若者の最低生計費は27・4万円 時給1582円が必要な試算 「健康で文化的な生活」送るには 2016年より13・6%上昇 30歳未満の若年単身世帯で想定 埼労連調査
埼玉県労働組合連合会(埼労連)は10月31日、若年単身世帯(20歳未満~30代)が「健康で文化的な生活」を送るための最低生計費調査の試算結果を報告した。
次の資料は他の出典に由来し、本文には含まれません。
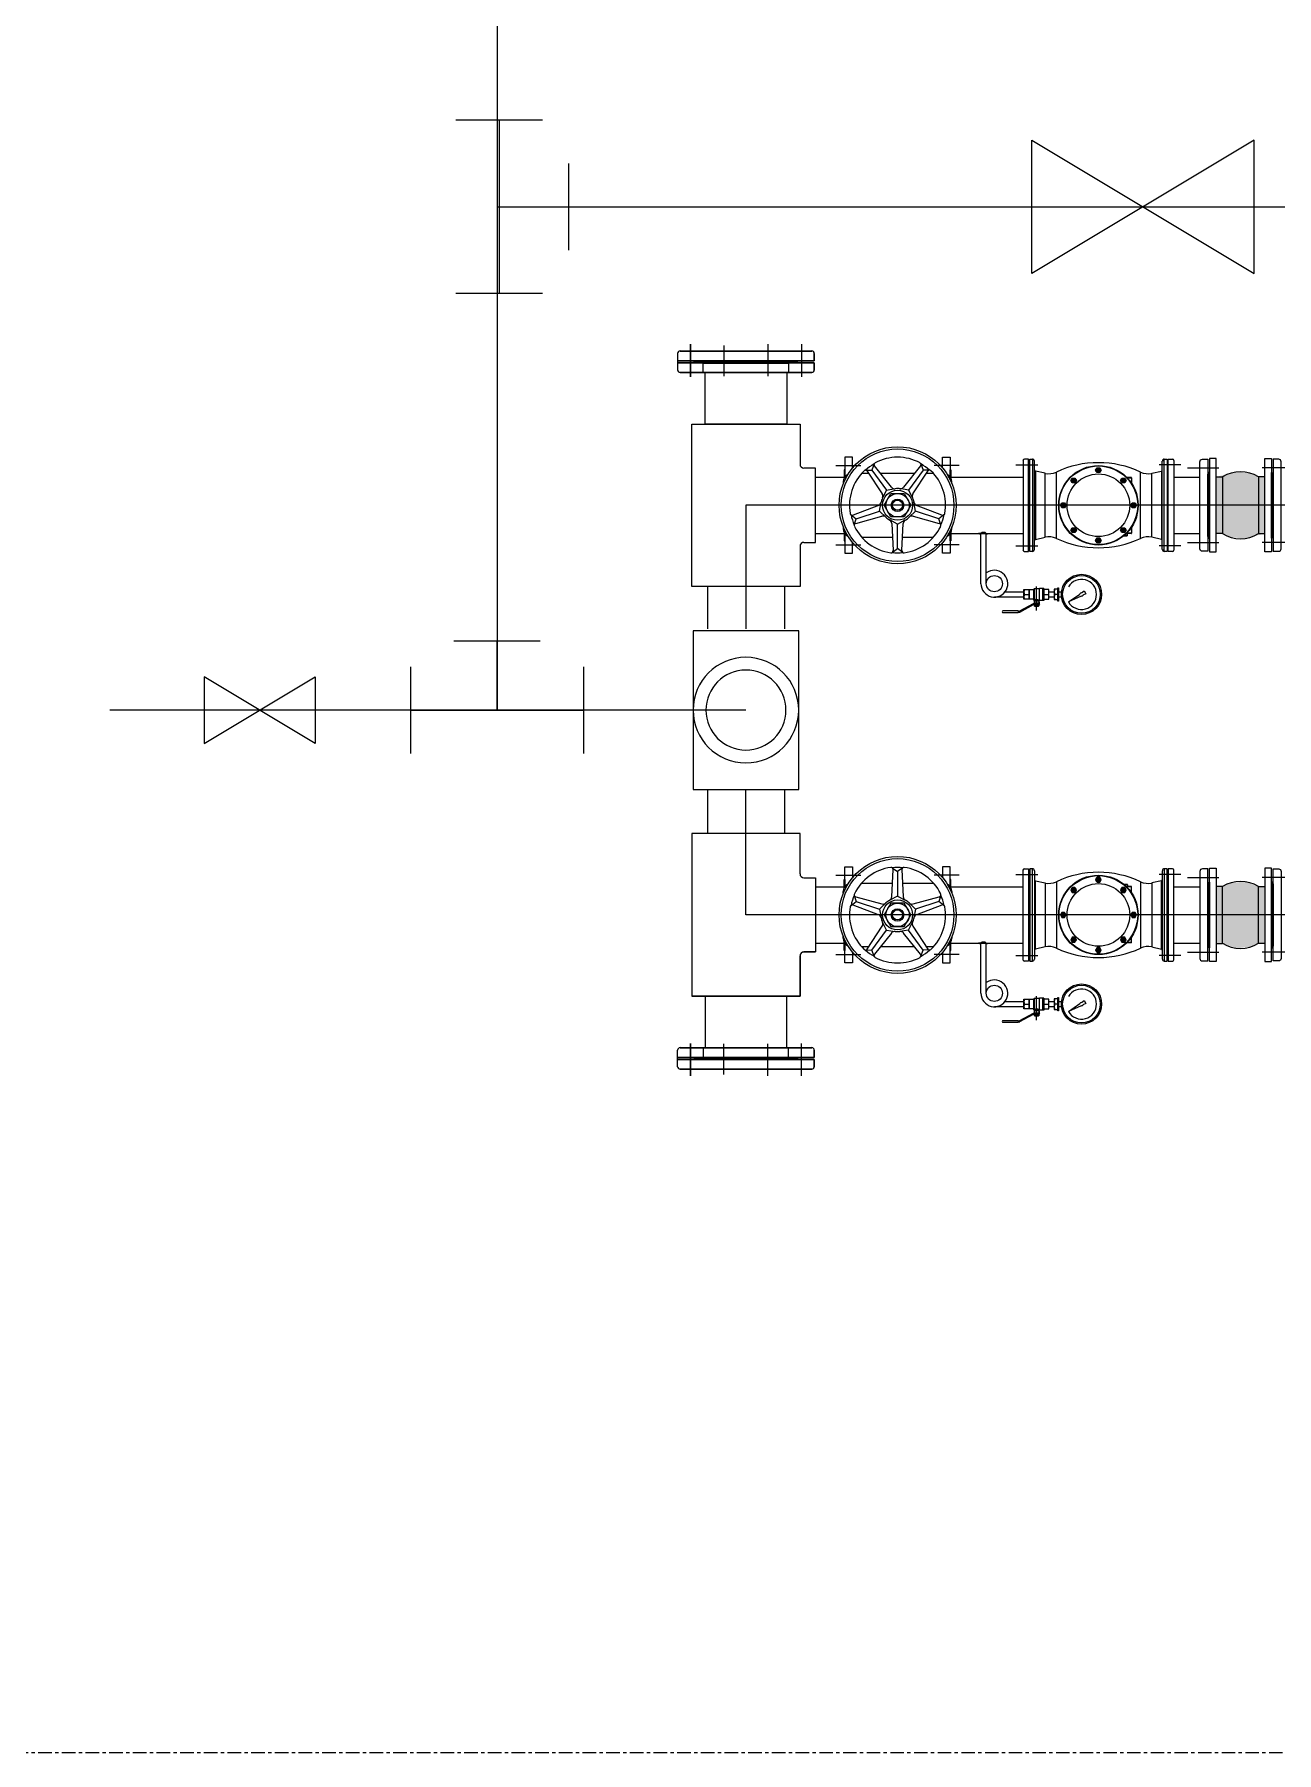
# Model space of a CAD drawing. Header units: millimetres. Extents: x 27447 to 239197, y -15958 to 82878.
# Drawn here: x 84378 to 85544, y 28437 to 30050 of the extents above; entities that cross this region are included whole.
import ezdxf

# ---------------------------------------------------------------- set-up
doc = ezdxf.new("R2010")
doc.units = ezdxf.units.MM
doc.linetypes.add('Grid Line', pattern=[22.225, 12.7, -3.175, 3.175, -3.175])
doc.linetypes.add('IMPORT-CENTER', pattern=[2000, 1250, -250, 250, -250])
for name, color, linetype, lineweight in [('G-IMPT', 8, 'Continuous', 9), ('G-IMPT-3', 8, 'IMPORT-CENTER', 9), ('M-EQPM', 50, 'Continuous', 9), ('S-GRID-1', 1, 'Grid Line', 9)]:
    doc.layers.add(name, color=color, linetype=linetype, lineweight=lineweight)

# ---------------------------------------------------------------- blocks, each defined once
blk = doc.blocks.new('TKTC_BON NUOC MAI_260130 - TKTC_BON NUOC MAI_260130_dwg_FLA3_10K-3426656-TKCS_MB TẦNG MÁI')
at = {"layer": 'G-IMPT'}
for p, q in [((25, 75), (-38, 75)), ((0, -87.5), (0, 87.5)), ((25, -75), (-38, -75))]:
    blk.add_line(p, q, dxfattribs=at)
at = {"layer": 'G-IMPT', "flags": 128}
blk.add_lwpolyline([(-5, 92.5), (-16, 92.5), (-16, -92.5), (-5, -92.5)], dxfattribs=at)
blk.add_lwpolyline([(-18, -62.5), (-16, -62.5), (-16, 62.5), (-18, 62.5)], close=True, dxfattribs=at)
at = {"layer": 'G-IMPT'}
for centre, start, end in [((-5, 87.5), 360, 90), ((-5, -87.5), 270, 0)]:
    blk.add_arc(centre, 5, start, end, dxfattribs=at)
blk = doc.blocks.new('TKTC_BON NUOC MAI_260130 - TKTC_BON NUOC MAI_260130_dwg_FLA3_10K-3426655-TKCS_MB TẦNG MÁI')
at = {"layer": 'G-IMPT'}
for p, q in [((25, 75), (-38, 75)), ((0, -87.5), (0, 87.5)), ((25, -75), (-38, -75))]:
    blk.add_line(p, q, dxfattribs=at)
at = {"layer": 'G-IMPT', "flags": 128}
blk.add_lwpolyline([(-5, 92.5), (-16, 92.5), (-16, -92.5), (-5, -92.5)], dxfattribs=at)
blk.add_lwpolyline([(-18, -62.5), (-16, -62.5), (-16, 62.5), (-18, 62.5)], close=True, dxfattribs=at)
at = {"layer": 'G-IMPT'}
for centre, start, end in [((-5, 87.5), 360, 90), ((-5, -87.5), 270, 0)]:
    blk.add_arc(centre, 5, start, end, dxfattribs=at)
blk = doc.blocks.new('TKTC_BON NUOC MAI_260130 - TKTC_BON NUOC MAI_260130_dwg_Tee_DN125_up__PPR_-3426657-TKCS_MB TẦNG MÁI')
at = {"layer": 'G-IMPT', "flags": 128}
blk.add_lwpolyline([(-82.5, -124), (-82.5, 124), (82.5, 124), (82.5, -124)], close=True, dxfattribs=at)
at = {"layer": 'G-IMPT'}
for radius in [82.5, 62.5]:
    blk.add_circle((0, 0), radius, dxfattribs=at)
blk = doc.blocks.new('TKTC_BON NUOC MAI_260130 - TKTC_BON NUOC MAI_260130_dwg__U23-3426658-TKCS_MB TẦNG MÁI')
blk.add_blockref('TKTC_BON NUOC MAI_260130 - TKTC_BON NUOC MAI_260130_dwg_Tee_DN125_up__PPR_-3426657-TKCS_MB TẦNG MÁI', (0, 0))
blk = doc.blocks.new('TKTC_BON NUOC MAI_260130 - TKTC_BON NUOC MAI_260130_dwg_V-3426653-TKCS_MB TẦNG MÁI')
at = {"layer": 'G-IMPT', "flags": 128}
blk.add_lwpolyline([(115.7, -69.4), (-115.7, 69.4), (-115.7, -69.4), (115.7, 69.4)], close=True, dxfattribs=at)
blk = doc.blocks.new('TKTC_BON NUOC MAI_260130 - TKTC_BON NUOC MAI_260130_dwg_T-3426665-TKCS_MB TẦNG MÁI')
at = {"layer": 'G-IMPT'}
for p, q in [((-100, -50), (-100, 50)), ((100, -50), (100, 50)), ((-100, 0), (100, 0)), ((0, 0), (0, -80)), ((-50, -80), (50, -80))]:
    blk.add_line(p, q, dxfattribs=at)
blk = doc.blocks.new('TKTC_BON NUOC MAI_260130 - TKTC_BON NUOC MAI_260130_dwg-3426650-TKCS_MB TẦNG MÁI')
at = {"layer": 'G-IMPT'}
for points in [[(-117638.1, -831594.6), (-117618.9, -831589.9), (-117618.9, -831536.6), (-117624.8, -831536.6), (-117631.2, -831533.5), (-117645.2, -831531.9), (-117664.4, -831536.6), (-117664.4, -831589.9), (-117658.5, -831589.9), (-117652.1, -831593)], [(-117645.2, -831979.2), (-117631.2, -831977.6), (-117624.8, -831974.6), (-117618.9, -831974.6), (-117618.9, -831921.2), (-117624.8, -831921.2), (-117638.1, -831916.6), (-117652.1, -831918.1), (-117658.5, -831921.2), (-117664.4, -831921.2), (-117664.4, -831974.6), (-117658.5, -831974.6)]]:
    blk.add_hatch(color=256, dxfattribs=at).paths.add_polyline_path(points)
for p, q in [((-118339.8, -831283), (-115500.9, -831283)), ((-118170.2, -831420.7), (-118170.2, -831436.3)), ((-118057.5, -831429.5), (-118057.5, -831427.6)), ((-118066, -831438.6), (-118146.1, -831438.6)), ((-117845.9, -831521.2), (-117845.9, -831605.3)), ((-117835.1, -831604.8), (-117835.1, -831521.8)), ((-117715.1, -831604.8), (-117715.1, -831521.8)), ((-117704.3, -831521.2), (-117704.3, -831605.3)), ((-118040.8, -831536.8), (-118011.8, -831536.8)), ((-118021.8, -831526), (-117998.2, -831526)), ((-117990.6, -831533.5), (-117997.6, -831533.5)), ((-117992.1, -831531.2), (-117978.1, -831552.6)), ((-117969.5, -831546.3), (-117985.5, -831526.4)), ((-117947.7, -831533.5), (-117979.8, -831533.5)), ((-117942, -831526.4), (-117958, -831546.3)), ((-117949.4, -831552.6), (-117935.4, -831531.2)), ((-117929.9, -831533.5), (-117936.9, -831533.5)), ((-117905.7, -831526), (-117929.2, -831526)), ((-117915.7, -831536.8), (-117845.9, -831536.8)), ((-117852.5, -831525.2), (-117832, -831525.2)), ((-117814.6, -831594.5), (-117814.6, -831532.1)), ((-117744.4, -831537.2), (-117748.5, -831537.2)), ((-117735.6, -831594.5), (-117735.6, -831532.1)), ((-117697.7, -831525.2), (-117718.2, -831525.2)), ((-117704.3, -831536.8), (-117679.8, -831536.8)), ((-118014.7, -831541.3), (-118014.7, -831542.9)), ((-117912.8, -831542.9), (-117912.8, -831541.3)), ((-117981.7, -831563.5), (-118005.5, -831572.5)), ((-117922, -831572.5), (-117945.8, -831563.5)), ((-118014.7, -831583.6), (-118014.7, -831585.2)), ((-118003, -831580.4), (-117978.4, -831573.6)), ((-117969.1, -831580.4), (-117967.9, -831605.9)), ((-117959.6, -831605.9), (-117958.4, -831580.4)), ((-117949.1, -831573.6), (-117924.5, -831580.4)), ((-117912.8, -831585.2), (-117912.8, -831583.6)), ((-118040.8, -831589.7), (-118011.8, -831589.7)), ((-118021.8, -831600.5), (-117998.2, -831600.5)), ((-117997.6, -831593.1), (-117968.5, -831593.1)), ((-117959, -831593.1), (-117929.9, -831593.1)), ((-117905.7, -831600.5), (-117929.2, -831600.5)), ((-117915.7, -831589.7), (-117845.9, -831589.7)), ((-117852.5, -831601.4), (-117832, -831601.4)), ((-117749.6, -831590.5), (-117749.6, -831591.7)), ((-117744.4, -831589.9), (-117749.1, -831589.9)), ((-117697.7, -831601.4), (-117718.2, -831601.4)), ((-117704.3, -831589.7), (-117679.8, -831589.7)), ((-118142.1, -831639.6), (-118142.1, -831679.3)), ((-118070, -831639.6), (-118070, -831679.3)), ((-117844.6, -831647), (-117840.5, -831647)), ((-117830.6, -831652.5), (-117835.6, -831652.5)), ((-117835.2, -831653.1), (-117831, -831653.1)), ((-117833.1, -831662.2), (-117833.1, -831639.4)), ((-117826.1, -831647), (-117822, -831647)), ((-117813.5, -831647), (-117816.2, -831647)), ((-117850.1, -831663.7), (-117850.1, -831662.9)), ((-117836.4, -831655.9), (-117849.2, -831662.8)), ((-117848.9, -831663.5), (-117836, -831656.5)), ((-117835.9, -831656.5), (-117831, -831656.5)), ((-118142.1, -831830.1), (-118142.1, -831871.6)), ((-118070, -831830.1), (-118070, -831871.6)), ((-118021.8, -831910.7), (-117998.2, -831910.7)), ((-117969.1, -831930.8), (-117967.9, -831905.3)), ((-117959.6, -831905.3), (-117958.4, -831930.8)), ((-117905.7, -831910.7), (-117929.2, -831910.7)), ((-117852.5, -831909.8), (-117832, -831909.8)), ((-117845.9, -831989.9), (-117845.9, -831905.9)), ((-117835.1, -831906.4), (-117835.1, -831989.4)), ((-117697.7, -831909.8), (-117718.2, -831909.8)), ((-117715.1, -831906.4), (-117715.1, -831989.4)), ((-117704.3, -831989.9), (-117704.3, -831905.9)), ((-118040.8, -831921.4), (-118011.8, -831921.4)), ((-118014.7, -831927.5), (-118014.7, -831925.9)), ((-117997.6, -831918.1), (-117968.5, -831918.1)), ((-117959, -831918.1), (-117929.9, -831918.1)), ((-117915.7, -831921.4), (-117845.9, -831921.4)), ((-117912.8, -831925.9), (-117912.8, -831927.5)), ((-117814.6, -831916.7), (-117814.6, -831979.1)), ((-117749.6, -831920.7), (-117749.6, -831919.5)), ((-117744.4, -831921.3), (-117749.1, -831921.3)), ((-117735.6, -831916.7), (-117735.6, -831979.1)), ((-117704.3, -831921.4), (-117679.8, -831921.4)), ((-117981.7, -831947.7), (-118005.5, -831938.6)), ((-118003, -831930.8), (-117978.4, -831937.5)), ((-117949.1, -831937.5), (-117924.5, -831930.8)), ((-117922, -831938.6), (-117945.8, -831947.7)), ((-117992.1, -831979.9), (-117978.1, -831958.6)), ((-117949.4, -831958.6), (-117935.4, -831979.9)), ((-118040.8, -831974.3), (-118011.8, -831974.3)), ((-118014.7, -831969.8), (-118014.7, -831968.3)), ((-117969.5, -831964.9), (-117985.5, -831984.8)), ((-117942, -831984.8), (-117958, -831964.9)), ((-117915.7, -831974.3), (-117845.9, -831974.3)), ((-117912.8, -831968.3), (-117912.8, -831969.8)), ((-117744.4, -831974), (-117748.5, -831974)), ((-117704.3, -831974.3), (-117679.8, -831974.3)), ((-118021.8, -831985.1), (-117998.2, -831985.1)), ((-117990.6, -831977.7), (-117997.6, -831977.7)), ((-117947.7, -831977.7), (-117979.8, -831977.7)), ((-117929.9, -831977.7), (-117936.9, -831977.7)), ((-117905.7, -831985.1), (-117929.2, -831985.1)), ((-117852.5, -831986), (-117832, -831986)), ((-117697.7, -831986), (-117718.2, -831986)), ((-117833.1, -832046.8), (-117833.1, -832024.1)), ((-117836.4, -832040.5), (-117849.2, -832047.4)), ((-117848.9, -832048.1), (-117836, -832041.1)), ((-117844.6, -832031.6), (-117840.5, -832031.6)), ((-117835.9, -832041.1), (-117831, -832041.1)), ((-117830.6, -832037.1), (-117835.6, -832037.1)), ((-117835.2, -832037.7), (-117831, -832037.7)), ((-117826.1, -832031.6), (-117822, -832031.6)), ((-117813.5, -832031.6), (-117816.2, -832031.6)), ((-117850.1, -832048.3), (-117850.1, -832047.5)), ((-118066, -832072.6), (-118146.1, -832072.6)), ((-118170.2, -832090.4), (-118170.2, -832074.8)), ((-118057.5, -832081.7), (-118057.5, -832083.6))]:
    blk.add_line(p, q, dxfattribs=at)
at = {"layer": 'G-IMPT', "flags": 128}
for points in [[(-118041.9, -831427.6), (-118170.2, -831427.6), (-118041.9, -831427.6), (-118041.9, -831420.7)], [(-118167.9, -831418.5), (-118044.2, -831418.5)], [(-118041.9, -831429.5), (-118170.2, -831429.5), (-118041.9, -831429.5), (-118041.9, -831436.3)], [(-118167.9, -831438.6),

男性が月額27万4915円、女性が同27万4277円(いずれも税・社会保険料込み)で、2016年の試算結果(25歳男性・24万1879円)から13・6%上昇した。 最低生計費27・4万円の根拠は? 「今」の若者リアルに分析 必要な物品を一つ一つ積み上げ試算 利用頻度の高い量販店の価格も調査 家電や洋服、衛生用品まで多岐にわたり
調査は今年4月からアンケートを配布し、2047部を回収。若年単身世帯の回答は153部だった。生活実態調査、持ち物財調査、価格調査と食糧費、住居費などの試算結果を組み合わせた。家具や被服、理美容用品などは7割以上の保有率の物を必需品と考え、耐用年数などを考慮した上でそれぞれの費用ごとに積み上げて算定した。 調査を監修した静岡県立大学短期大学部社会福祉学科の中沢修一准教授は「最低賃金審議会が使っている月の労働時間(173・8時間)で換算すると1582円。かつて政府が目標としていた月150時間で換算すると1833円という金額になる。速やかに最低賃金の引き上げが求められる」と主張した。 16年調査に比べ食費が35・3%、水道・光熱費は48・6%と共に上昇。中沢准教授は「今回の物価高騰は生活を直撃している。これまで政府は1500円に上げると宣言しただけで何も決めなかった。何年までに上げる、全国一律にすると決め、実行力のある支援策を打ち出す段階」と訴えた。